Freeman's other performance credits as a tenor include appearances in leading roles with Atlanta Opera, Baltimore Opera, Florida Grand Opera, Kentucky Opera, Michigan Opera Theater, Minnesota Opera, New Orleans Opera, Opera Omaha, Opera Pacific, Portland Opera, Fort Worth Opera, and San Diego Opera among others. He has also appeared in concerts with Eduardo Mata and the Dallas Symphony, with Leonard Slatkin and the St. Louis Symphony, Sergiù Comissiona and the Houston Symphony, the Minnesota Orchestra, the National Symphony Orchestra, and the Philadelphia Orchestra, among others. Opera and music festivals where Freeman has been featured include Pepsico Summerfare, ArtPark, Central City Opera, Wolf Trap, Chautauqua Opera, Lake George Opera, Saratoga Springs, and Des Moines Metro Opera, where he starred in two Iowa Public Television broadcasts. His most notable accomplishment among his several Asian performances is the Japanese premiere of Joruri by Minoru Miki (and Colin Graham).

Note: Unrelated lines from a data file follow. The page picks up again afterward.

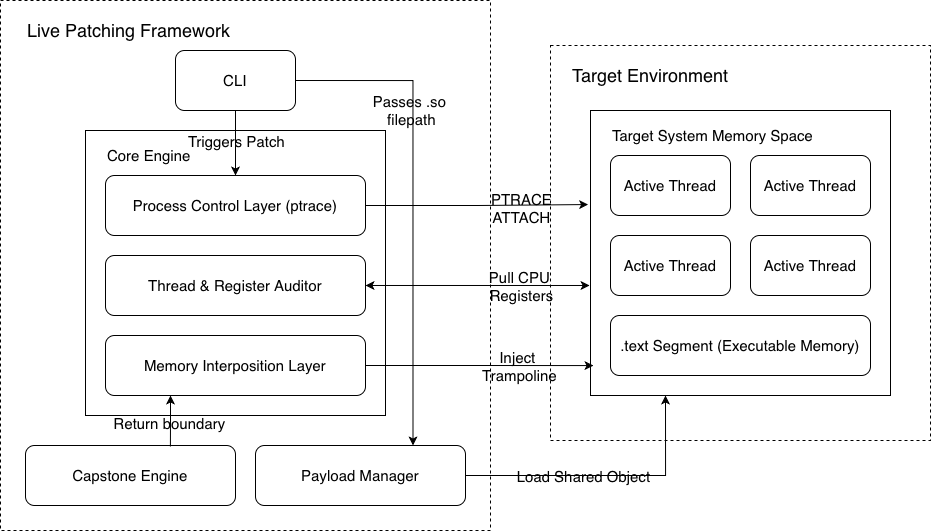

The diagram above was exported from draw.io. Its source (the exported page's mxGraphModel, read from the mxfile embedded in the PNG):
<mxGraphModel dx="1536" dy="2171" grid="1" gridSize="10" guides="1" tooltips="1" connect="1" arrows="1" fold="1" page="1" pageScale="1" pageWidth="827" pageHeight="1169" math="0" shadow="0">
  <root>
    <mxCell id="0" />
    <mxCell id="1" parent="0" />
    <mxCell id="97XSnBFLPv5NXqDQ9Jm2-21" parent="1" style="rounded=0;whiteSpace=wrap;html=1;dashed=1;fillColor=none;fontSize=15;" value="" vertex="1">
      <mxGeometry height="530" width="490" x="150" y="-240" as="geometry" />
    </mxCell>
    <mxCell id="97XSnBFLPv5NXqDQ9Jm2-6" parent="1" style="rounded=0;whiteSpace=wrap;html=1;fontSize=15;fillColor=none;" value="" vertex="1">
      <mxGeometry height="285" width="300" x="235" y="-110" as="geometry" />
    </mxCell>
    <mxCell id="97XSnBFLPv5NXqDQ9Jm2-23" parent="1" style="rounded=0;whiteSpace=wrap;html=1;dashed=1;fillColor=none;fontSize=15;" value="" vertex="1">
      <mxGeometry height="395" width="380" x="700" y="-195" as="geometry" />
    </mxCell>
    <mxCell id="97XSnBFLPv5NXqDQ9Jm2-29" edge="1" parent="1" source="97XSnBFLPv5NXqDQ9Jm2-1" style="edgeStyle=orthogonalEdgeStyle;rounded=0;orthogonalLoop=1;jettySize=auto;html=1;exitX=0.5;exitY=1;exitDx=0;exitDy=0;entryX=0.5;entryY=0;entryDx=0;entryDy=0;fontSize=15;" target="97XSnBFLPv5NXqDQ9Jm2-3">
      <mxGeometry relative="1" as="geometry" />
    </mxCell>
    <mxCell id="97XSnBFLPv5NXqDQ9Jm2-31" connectable="0" parent="97XSnBFLPv5NXqDQ9Jm2-29" style="edgeLabel;html=1;align=center;verticalAlign=middle;resizable=0;points=[];fontSize=15;labelBackgroundColor=none;" value="Triggers Patch" vertex="1">
      <mxGeometry relative="1" x="0.1276" y="-3" as="geometry">
        <mxPoint x="3" y="-6" as="offset" />
      </mxGeometry>
    </mxCell>
    <mxCell id="97XSnBFLPv5NXqDQ9Jm2-30" edge="1" parent="1" source="97XSnBFLPv5NXqDQ9Jm2-1" style="edgeStyle=orthogonalEdgeStyle;rounded=0;orthogonalLoop=1;jettySize=auto;html=1;exitX=1;exitY=0.5;exitDx=0;exitDy=0;entryX=0.75;entryY=0;entryDx=0;entryDy=0;fontSize=15;" target="97XSnBFLPv5NXqDQ9Jm2-10">
      <mxGeometry relative="1" as="geometry" />
    </mxCell>
    <mxCell id="97XSnBFLPv5NXqDQ9Jm2-32" connectable="0" parent="97XSnBFLPv5NXqDQ9Jm2-30" style="edgeLabel;html=1;align=center;verticalAlign=middle;resizable=0;points=[];fontSize=15;labelBackgroundColor=none;" value="Passes .so&amp;nbsp;&lt;div&gt;filepath&lt;/div&gt;" vertex="1">
      <mxGeometry relative="1" x="0.0558" as="geometry">
        <mxPoint x="-2" y="-107" as="offset" />
      </mxGeometry>
    </mxCell>
    <mxCell id="97XSnBFLPv5NXqDQ9Jm2-1" parent="1" style="rounded=1;whiteSpace=wrap;html=1;fontSize=15;fillColor=none;" value="CLI" vertex="1">
      <mxGeometry height="60" width="120" x="325" y="-190" as="geometry" />
    </mxCell>
    <mxCell id="97XSnBFLPv5NXqDQ9Jm2-3" parent="1" style="rounded=1;whiteSpace=wrap;html=1;fontSize=15;fillColor=none;" value="Process Control Layer (ptrace)" vertex="1">
      <mxGeometry height="60" width="260" x="255" y="-65" as="geometry" />
    </mxCell>
    <mxCell id="97XSnBFLPv5NXqDQ9Jm2-4" parent="1" style="rounded=1;whiteSpace=wrap;html=1;fontSize=15;fillColor=none;" value="Thread &amp;amp; Register Auditor" vertex="1">
      <mxGeometry height="60" width="260" x="255" y="15" as="geometry" />
    </mxCell>
    <mxCell id="97XSnBFLPv5NXqDQ9Jm2-5" parent="1" style="rounded=1;whiteSpace=wrap;html=1;fontSize=15;fillColor=none;" value="Memory Interposition Layer" vertex="1">
      <mxGeometry height="60" width="260" x="255" y="95" as="geometry" />
    </mxCell>
    <mxCell id="97XSnBFLPv5NXqDQ9Jm2-9" parent="1" style="rounded=1;whiteSpace=wrap;html=1;fontSize=15;fillColor=none;" value="Capstone Engine" vertex="1">
      <mxGeometry height="60" width="210" x="175" y="205" as="geometry" />
    </mxCell>
    <mxCell id="97XSnBFLPv5NXqDQ9Jm2-41" edge="1" parent="1" source="97XSnBFLPv5NXqDQ9Jm2-10" style="edgeStyle=orthogonalEdgeStyle;rounded=0;orthogonalLoop=1;jettySize=auto;html=1;entryX=0.25;entryY=1;entryDx=0;entryDy=0;fontSize=15;" target="97XSnBFLPv5NXqDQ9Jm2-11">
      <mxGeometry relative="1" as="geometry" />
    </mxCell>
    <mxCell id="97XSnBFLPv5NXqDQ9Jm2-42" connectable="0" parent="97XSnBFLPv5NXqDQ9Jm2-41" style="edgeLabel;html=1;align=center;verticalAlign=middle;resizable=0;points=[];fontSize=15;labelBackgroundColor=none;" value="Load Shared Object" vertex="1">
      <mxGeometry relative="1" x="-0.1571" y="-3" as="geometry">
        <mxPoint y="-3" as="offset" />
      </mxGeometry>
    </mxCell>
    <mxCell id="97XSnBFLPv5NXqDQ9Jm2-10" parent="1" style="rounded=1;whiteSpace=wrap;html=1;fontSize=15;fillColor=none;" value="Payload Manager" vertex="1">
      <mxGeometry height="60" width="210" x="405" y="205" as="geometry" />
    </mxCell>
    <mxCell id="97XSnBFLPv5NXqDQ9Jm2-11" parent="1" style="rounded=0;whiteSpace=wrap;html=1;fontSize=15;fillColor=none;" value="" vertex="1">
      <mxGeometry height="285" width="300" x="740" y="-130" as="geometry" />
    </mxCell>
    <mxCell id="97XSnBFLPv5NXqDQ9Jm2-13" parent="1" style="rounded=1;whiteSpace=wrap;html=1;fontSize=15;fillColor=none;" value=".text Segment (Executable Memory)" vertex="1">
      <mxGeometry height="60" width="260" x="760" y="75" as="geometry" />
    </mxCell>
    <mxCell id="97XSnBFLPv5NXqDQ9Jm2-14" parent="1" style="rounded=1;whiteSpace=wrap;html=1;fontSize=15;fillColor=none;" value="Active Thread" vertex="1">
      <mxGeometry height="60" width="120" x="760" y="-5" as="geometry" />
    </mxCell>
    <mxCell id="97XSnBFLPv5NXqDQ9Jm2-15" parent="1" style="rounded=1;whiteSpace=wrap;html=1;fontSize=15;fillColor=none;" value="Active Thread" vertex="1">
      <mxGeometry height="60" width="120" x="900" y="-5" as="geometry" />
    </mxCell>
    <mxCell id="97XSnBFLPv5NXqDQ9Jm2-16" parent="1" style="rounded=1;whiteSpace=wrap;html=1;fontSize=15;fillColor=none;" value="Active Thread" vertex="1">
      <mxGeometry height="60" width="120" x="760" y="-85" as="geometry" />
    </mxCell>
    <mxCell id="97XSnBFLPv5NXqDQ9Jm2-17" parent="1" style="rounded=1;whiteSpace=wrap;html=1;fontSize=15;fillColor=none;" value="Active Thread" vertex="1">
      <mxGeometry height="60" width="120" x="900" y="-85" as="geometry" />
    </mxCell>
    <mxCell id="97XSnBFLPv5NXqDQ9Jm2-24" parent="1" style="text;html=1;whiteSpace=wrap;strokeColor=none;fillColor=none;align=left;verticalAlign=middle;rounded=0;fontSize=15;labelBackgroundColor=none;" value="Core Engine" vertex="1">
      <mxGeometry height="30" width="105" x="255" y="-100" as="geometry" />
    </mxCell>
    <mxCell id="97XSnBFLPv5NXqDQ9Jm2-25" parent="1" style="text;html=1;whiteSpace=wrap;strokeColor=none;fillColor=none;align=left;verticalAlign=middle;rounded=0;fontSize=18;labelBackgroundColor=none;" value="Live Patching Framework" vertex="1">
      <mxGeometry height="30" width="265" x="175" y="-225" as="geometry" />
    </mxCell>
    <mxCell id="97XSnBFLPv5NXqDQ9Jm2-26" parent="1" style="text;html=1;whiteSpace=wrap;strokeColor=none;fillColor=none;align=left;verticalAlign=middle;rounded=0;fontSize=15;" value="Target System Memory Space" vertex="1">
      <mxGeometry height="30" width="220" x="760" y="-120" as="geometry" />
    </mxCell>
    <mxCell id="97XSnBFLPv5NXqDQ9Jm2-27" parent="1" style="text;html=1;whiteSpace=wrap;strokeColor=none;fillColor=none;align=left;verticalAlign=middle;rounded=0;fontSize=18;" value="Target Environment" vertex="1">
      <mxGeometry height="30" width="175" x="720" y="-180" as="geometry" />
    </mxCell>
    <mxCell id="97XSnBFLPv5NXqDQ9Jm2-33" edge="1" parent="1" source="97XSnBFLPv5NXqDQ9Jm2-3" style="edgeStyle=orthogonalEdgeStyle;rounded=0;orthogonalLoop=1;jettySize=auto;html=1;exitX=1;exitY=0.5;exitDx=0;exitDy=0;entryX=-0.008;entryY=0.33;entryDx=0;entryDy=0;entryPerimeter=0;fontSize=15;" target="97XSnBFLPv5NXqDQ9Jm2-11">
      <mxGeometry relative="1" as="geometry" />
    </mxCell>
    <mxCell id="97XSnBFLPv5NXqDQ9Jm2-36" connectable="0" parent="97XSnBFLPv5NXqDQ9Jm2-33" style="edgeLabel;html=1;align=center;verticalAlign=middle;resizable=0;points=[];fontSize=15;labelBackgroundColor=none;" value="PTRACE&lt;div&gt;ATTACH&lt;/div&gt;" vertex="1">
      <mxGeometry relative="1" x="0.3864" y="-3" as="geometry">
        <mxPoint x="1" as="offset" />
      </mxGeometry>
    </mxCell>
    <mxCell id="97XSnBFLPv5NXqDQ9Jm2-37" edge="1" parent="1" source="97XSnBFLPv5NXqDQ9Jm2-5" style="edgeStyle=orthogonalEdgeStyle;rounded=0;orthogonalLoop=1;jettySize=auto;html=1;exitX=0.25;exitY=1;exitDx=0;exitDy=0;entryX=0.69;entryY=0.017;entryDx=0;entryDy=0;entryPerimeter=0;fontSize=15;startArrow=classic;startFill=1;endArrow=none;endFill=0;" target="97XSnBFLPv5NXqDQ9Jm2-9">
      <mxGeometry relative="1" as="geometry" />
    </mxCell>
    <mxCell id="97XSnBFLPv5NXqDQ9Jm2-38" connectable="0" parent="97XSnBFLPv5NXqDQ9Jm2-37" style="edgeLabel;html=1;align=center;verticalAlign=middle;resizable=0;points=[];fontSize=15;labelBackgroundColor=none;" value="Return boundary&amp;nbsp;" vertex="1">
      <mxGeometry relative="1" x="0.0403" y="1" as="geometry">
        <mxPoint as="offset" />
      </mxGeometry>
    </mxCell>
    <mxCell id="97XSnBFLPv5NXqDQ9Jm2-39" edge="1" parent="1" source="97XSnBFLPv5NXqDQ9Jm2-4" style="edgeStyle=orthogonalEdgeStyle;rounded=0;orthogonalLoop=1;jettySize=auto;html=1;entryX=-0.003;entryY=0.614;entryDx=0;entryDy=0;entryPerimeter=0;startArrow=classic;startFill=1;fontSize=15;" target="97XSnBFLPv5NXqDQ9Jm2-11">
      <mxGeometry relative="1" as="geometry" />
    </mxCell>
    <mxCell id="97XSnBFLPv5NXqDQ9Jm2-40" connectable="0" parent="97XSnBFLPv5NXqDQ9Jm2-39" style="edgeLabel;html=1;align=center;verticalAlign=middle;resizable=0;points=[];fontSize=15;labelBackgroundColor=none;" value="Pull CPU&amp;nbsp;&lt;div&gt;Registers&lt;/div&gt;" vertex="1">
      <mxGeometry relative="1" x="0.4369" y="1" as="geometry">
        <mxPoint x="-6" y="1" as="offset" />
      </mxGeometry>
    </mxCell>
    <mxCell id="97XSnBFLPv5NXqDQ9Jm2-43" edge="1" parent="1" source="97XSnBFLPv5NXqDQ9Jm2-5" style="edgeStyle=orthogonalEdgeStyle;rounded=0;orthogonalLoop=1;jettySize=auto;html=1;exitX=1;exitY=0.5;exitDx=0;exitDy=0;entryX=0.01;entryY=0.895;entryDx=0;entryDy=0;entryPerimeter=0;fontSize=15;" target="97XSnBFLPv5NXqDQ9Jm2-11">
      <mxGeometry relative="1" as="geometry" />
    </mxCell>
    <mxCell id="97XSnBFLPv5NXqDQ9Jm2-46" connectable="0" parent="97XSnBFLPv5NXqDQ9Jm2-43" style="edgeLabel;html=1;align=center;verticalAlign=middle;resizable=0;points=[];fontSize=15;labelBackgroundColor=none;" value="Inject&amp;nbsp;&lt;div&gt;Trampoline&lt;/div&gt;" vertex="1">
      <mxGeometry relative="1" x="0.3994" y="-2" as="geometry">
        <mxPoint x="-6" y="-2" as="offset" />
      </mxGeometry>
    </mxCell>
  </root>
</mxGraphModel>

Freeman has directed operas for the El Paso Opera, the Lyric Opera of Dallas, Knoxville Opera, Mobile Opera, Nashville Opera, Opera Grand Rapids, Phoenix Opera, Mississippi Opera, and Tulsa Opera among others. International and American programs where he has directed and taught include the American Institute of Musical Studies, Graz, Austria; La Musica Lirica, Novafeltria, Italy; the Greek Opera Studio of the Aegean Festival, Athens and Syros, Greece; the Festival of International Opera, Campinas, Brazil; Beveren Summer Singing Course, Antwerp, Belgium; the MusikHochschule Lübeck, Germany; Rising Star Vocal Works, Rising Sun, IN; and OBVI, Wichita Falls, TX. His dedication to the training of young operatic artists has taken him to Cleveland Institute, UMKC, Kansas University, SFASU, and OCU, and he is a frequent judge for the Metropolitan Opera National Council Auditions. He has twice been honored with National Opera Institute Awards, given by Beverly Sills and Hal Prince, with a Presidential Citation from the National Federation of Music Clubs, and Classical Singer magazine as their "2010 Stage Director of the Year".

He is currently the Valerie Adams Distinguished Professor of Opera Studies at Georgia State University, where he also serves as artistic director for the Harrower Summer Opera Workshop.